[[ Provided information, beginning ]]

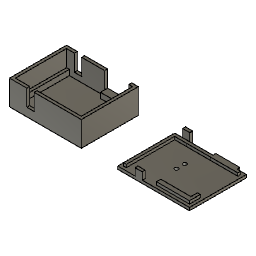
enclosure_v1 (Autodesk Fusion 360 design; units mm, degrees)
Autodesk Fusion 360 part; units mm, degrees
sketch "Sketch1" plane through (0, 0, 0) normal (0, 0, 1) x (1, 0, 0)
  line L0 (0, 0) -> (91.5, 0)
  line L1 (91.5, 0) -> (91.5, 71)
  line L2 (0, 0) -> (0, 71)
  line L3 (0, 71) -> (91.5, 71)
  line L4 (95.5, -4) -> (95.5, 75)
  line L5 (-4, 75) -> (95.5, 75)
  line L6 (-4, -4) -> (-4, 75)
  line L7 (-4, -4) -> (95.5, -4)
  line L8 (0, 0) -> (20, 0)
  line L9 (20, 0) -> (30, 0)
  line L10 (30, 0) -> (30, -4)
  line L11 (20, 0) -> (20, -4)
  line L12 (91.5, 71) -> (86.5, 71)
  line L13 (86.5, 71) -> (86.5, 75)
  line L14 (86.5, 71) -> (53, 71)
  line L15 (53, 71) -> (53, 75)
  line L16 (53, 71) -> (53, 65)
  line L17 (53, 65) -> (85, 65)
  line L18 (85, 65) -> (85, 6)
  line L19 (91.5, 0) -> (91.5, 6)
  line L20 (85, 6) -> (49.5, 6)
  line L21 (49.5, 6) -> (49.5, 0)
  line L22 (0, 0) -> (4, 0)
  line L23 (4, 0) -> (4, 71)
  line L24 (0, 71) -> (11, 71)
  line L25 (11, 71) -> (11, 75)
  line L26 (11, 71) -> (21, 71)
  line L27 (21, 71) -> (21, 75)
  line L28 (150, 71) -> (161, 71)
  line L29 (150, 0) -> (241.5, 0)
  line L30 (150, 71) -> (241.5, 71)
  line L31 (150, 0) -> (150, 71)
  line L32 (146, 75) -> (245.5, 75)
  line L33 (146, -4) -> (245.5, -4)
  line L34 (245.5, -4) -> (245.5, 75)
  line L35 (241.5, 0) -> (241.5, 6)
  line L36 (241.5, 0) -> (241.5, 71)
  line L37 (161, 71) -> (171, 71)
  line L38 (170, 0) -> (180, 0)
  line L39 (150, 0) -> (154, 0)
  line L40 (170, 0) -> (170, -4)
  line L41 (171, 71) -> (171, 75)
  line L42 (161, 71) -> (161, 75)
  line L43 (146, -4) -> (146, 75)
  line L44 (150, 0) -> (170, 0)
  line L45 (203, 71) -> (203, 75)
  line L46 (236.5, 71) -> (236.5, 75)
  line L47 (180, 0) -> (180, -4)
  line L48 (241.5, 71) -> (236.5, 71)
  line L49 (237.5, 6) -> (195.75, 6)
  line L50 (195.75, 6) -> (195.75, 0)
  line L51 (241.5, 0) -> (241.5, 15)
  line L52 (241.5, 15) -> (237.5, 15)
  line L53 (237.5, 15) -> (237.5, 6)
  line L54 (154, 0) -> (154, 71)
  line L55 (171, 67) -> (203, 67)
  line L56 (236.5, 67) -> (241.5, 67)
  line L57 (171, 67) -> (154, 67)
  line L58 (203, 67) -> (241.5, 67)
  circle A0 centre (190, 45) radius 2.5
  circle A1 centre (190, 33.5) radius 2.5
  dimension "d1" = 91.5
  dimension "d3" = 71
  dimension "d16" = 79
  dimension "d17" = 99.5
  dimension "d18" = 20
  dimension "d19" = 10
  dimension "d20" = 5
  dimension "d21" = 4
  dimension "d22" = 33.5
  dimension "d24" = 42
  dimension "d25" = 4
  dimension "d34" = 11
  dimension "d35" = 10
  dimension "d46" = 91.5
  dimension "d47" = 71
  dimension "d48" = 79
  dimension "d49" = 99.5
  dimension "d50" = 20
  dimension "d51" = 10
  dimension "d52" = 5
  dimension "d53" = 4
  dimension "d54" = 33.5
  dimension "d56" = 4
  dimension "d57" = 11
  dimension "d58" = 10
  dimension "d61" = 15
  dimension "d62" = 4
  dimension "d67" = 4
  dimension "d68" = 4
  dimension "d79" = 5
  dimension "d80" = 5
  constraint coincident L0.start L2.start
  constraint horizontal L0
  constraint perpendicular L0 L1
  constraint perpendicular L0 L2
  constraint horizontal L7
  constraint horizontal L5
  constraint vertical L6
  constraint coincident L4.start L7
  constraint perpendicular L4 L7
  constraint coincident L6 L7.start
  constraint coincident L4.end L5
  constraint perpendicular L2 L8
  constraint parallel L0 L9
  constraint coincident L7 L10.end
  constraint perpendicular L7 L10
  constraint perpendicular L8 L11
  constraint perpendicular L1 L12
  constraint perpendicular L12 L13
  constraint perpendicular L13 L14
  constraint coincident L5 L15.end
  constraint perpendicular L5 L15
  constraint perpendicular L3 L16
  constraint perpendicular L1 L17
  constraint perpendicular L0 L18
  constraint perpendicular L0 L19
  constraint perpendicular L19 L20
  constraint coincident L0 L21.end
  constraint perpendicular L0 L21
  constraint perpendicular L10 L22
  constraint coincident L3 L23.end
  constraint perpendicular L3 L23
  constraint perpendicular L2 L24
  constraint coincident L5 L25.end
  constraint perpendicular L5 L25
  constraint perpendicular L25 L26
  constraint coincident L5 L27.end
  constraint perpendicular L5 L27
  constraint horizontal L29
  constraint perpendicular L29 L36
  constraint perpendicular L29 L31
  constraint horizontal L33
  constraint horizontal L32
  constraint vertical L43
  constraint coincident L34.start L33
  constraint perpendicular L33 L34
  constraint coincident L33.start L43
  constraint coincident L34.end L32
  constraint perpendicular L31 L44
  constraint parallel L29 L38
  constraint coincident L47.end L33
  constraint perpendicular L33 L47
  constraint perpendicular L40 L44
  constraint perpendicular L36 L48
  constraint perpendicular L46 L48
  constraint coincident L45.end L32
  constraint perpendicular L32 L45
  constraint perpendicular L29 L35
  constraint perpendicular L39 L47
  constraint perpendicular L28 L31
  constraint coincident L42.end L32
  constraint perpendicular L32 L42
  constraint perpendicular L37 L42
  constraint coincident L41.end L32
  constraint perpendicular L32 L41
  constraint perpendicular L36 L49
  constraint midpoint L29 L50.end
  constraint perpendicular L29 L50
  constraint perpendicular L29 L51
  constraint perpendicular L36 L52
  constraint perpendicular L49 L53
  constraint coincident L28 L54.end
  constraint coincident L30 L54.end
  constraint coincident L36 L56.end
  constraint perpendicular L36 L56
  constraint coincident L54 L57.end
  constraint perpendicular L54 L57
  measures "d1" distance of L0.start L0.end
  measures "d3" distance of L0.start L2.end
  measures "d16" distance of L4.end L4.start
  measures "d17" distance of L4.end L5.start
  measures "d18" distance of L0.start L8.end
  measures "d19" distance of L8.end L9.end
  measures "d20" distance of L1.end L12.end
  measures "d21" distance of L12.end L13.end
  measures "d22" distance of L12.end L14.end
  measures "d24" distance of L19.end L20.end
  measures "d25" distance of L0.start L22.end
  measures "d34" distance of L2.end L24.end
  measures "d35" distance of L24.end L26.end
  measures "d46" distance of L29.end L29.start
  measures "d47" distance of L29.start L28.start
  measures "d48" distance of L33.end L32.end
  measures "d49" distance of L32.start L32.end
  measures "d50" distance of L29.start L38.start
  measures "d51" distance of L38.start L38.end
  measures "d52" distance of L46.start L30.end
  measures "d53" distance of L46.start L46.end
  measures "d54" distance of L45.start L46.start
  measures "d56" distance of L39.end L29.start
  measures "d57" distance of L28.end L28.start
  measures "d58" distance of L37.end L28.end
  measures "d61" distance of L29.end L51.end
  measures "d62" distance of L51.end L52.end
  measures "d67" distance of L37.end L55.start
  measures "d68" distance of L45.start L55.end
  measures "d79" diameter of A0
  measures "d80" diameter of A1
extrude "Extrude1" add sketch "Sketch1" along normal blind 7.5 contours L0 L1 L3 L12 L14 L16 L17 L18 L19 L20 L21 makes body 1
extrude "Extrude2" add sketch "Sketch1" along normal blind 7.5 separate body contours L0 L2 L3 L8 L22 L23 L24 makes body 2
extrude "Extrude3" add sketch "Sketch1" along normal blind 7.5 separate body contours L0 L7 L9 L10 L11 makes body 3
extrude "Extrude4" add sketch "Sketch1" along normal blind 7.5 contours L3 L5 L13 L14 L15 bodies 1
extrude "Extrude5" add sketch "Sketch1" along normal blind 30.5 contours L0 L1 L3 L4 L5 L7 L10 L12 L13 L19 bodies 1 3
extrude "Extrude6" add sketch "Sketch1" along normal blind 30.5 contours L3 L5 L15 L27 bodies 1
extrude "Extrude7" add sketch "Sketch1" along normal blind 7.5 contours L3 L5 L25 L26 L27 bodies 1
extrude "Extrude8" add sketch "Sketch1" along normal blind 30.5 contours L0 L2 L3 L5 L6 L7 L8 L11 L22 L24 L25 bodies 1 2
extrude "Extrude9" add sketch "Sketch1" against normal blind 4 separate body contours L0 L2 L3 L8 L22 L23 L24 | L0 L2 L3 L5 L6 L7 L8 L11 L22 L24 L25 | L0 L3 L8 L9 L16 L17 L18 L20 L21 L23 L24 L26 | L0 L7 L9 L10 L11 | L0 L1 L3 L4 L5 L7 L10 L12 L13 L19 | L3 L5 L25 L26 L27 | L0 L1 L3 L12 L14 L16 L17 L18 L19 L20 L21 | L3 L5 L15 L27 | L3 L5 L13 L14 L15 makes body 4
combine "Combine1" operation add target body 1 tool bodies 4
extrude "Extrude10" add sketch "Sketch1" against normal blind 4 separate body contours L28 L29 L30 L31 L32 L33 L39 L40 L42 L43 L44 | L28 L29 L30 L31 L39 L44 L54 | L28 L30 L36 L37 L48 L54 L55 L56 L57 L58 | L30 L32 L37 L41 L42 | L29 L36 L38 L44 L49 L50 L52 L53 L54 L55 L56 L57 L58 | L30 L32 L41 L45 | L29 L33 L38 L40 L47 | L30 L32 L45 L46 | L29 L30 L32 L33 L34 L35 L36 L46 L47 L48 L51 | L29 L35 L36 L49 L50 L51 L52 L53 | A0 | A1 makes body 5
extrude "Extrude11" add sketch "Sketch1" along normal blind 4 contours L28 L29 L30 L31 L39 L44 L54 bodies 5
extrude "Extrude12" add sketch "Sketch1" along normal blind 4 contours L29 L35 L36 L49 L50 L51 L52 L53 bodies 5
extrude "Extrude13" add sketch "Sketch1" along normal blind 4 contours L28 L30 L36 L37 L48 L54 L55 L56 L57 L58 bodies 5
extrude "Extrude14" add sketch "Sketch1" along normal blind 4 contours L28 L30 L36 L37 L48 L54 L55 L56 L57 L58 bodies 5
extrude "Extrude15" add sketch "Sketch1" along normal blind 10 contours L29 L33 L38 L40 L47 bodies 5
extrude "Extrude16" add sketch "Sketch1" along normal blind 15 separate body contours L30 L32 L37 L41 L42 makes body 6
extrude "Extrude17" add sketch "Sketch1" along normal blind 4 contours L30 L32 L45 L46 bodies 5
extrude "Extrude18" cut sketch "Sketch1" against normal blind 10 contours A0 | A1 bodies 5
combine "Combine2" operation add target body 6 tool bodies 5
named bodies: "bottom", "top"

[[ Provided information, end ]]

* Exercise goal:
Search the records for the string "horizontal" and report each line that has it.

* Problem solution:
  constraint horizontal L0
  constraint horizontal L7
  constraint horizontal L5
  constraint horizontal L29
  constraint horizontal L33
  constraint horizontal L32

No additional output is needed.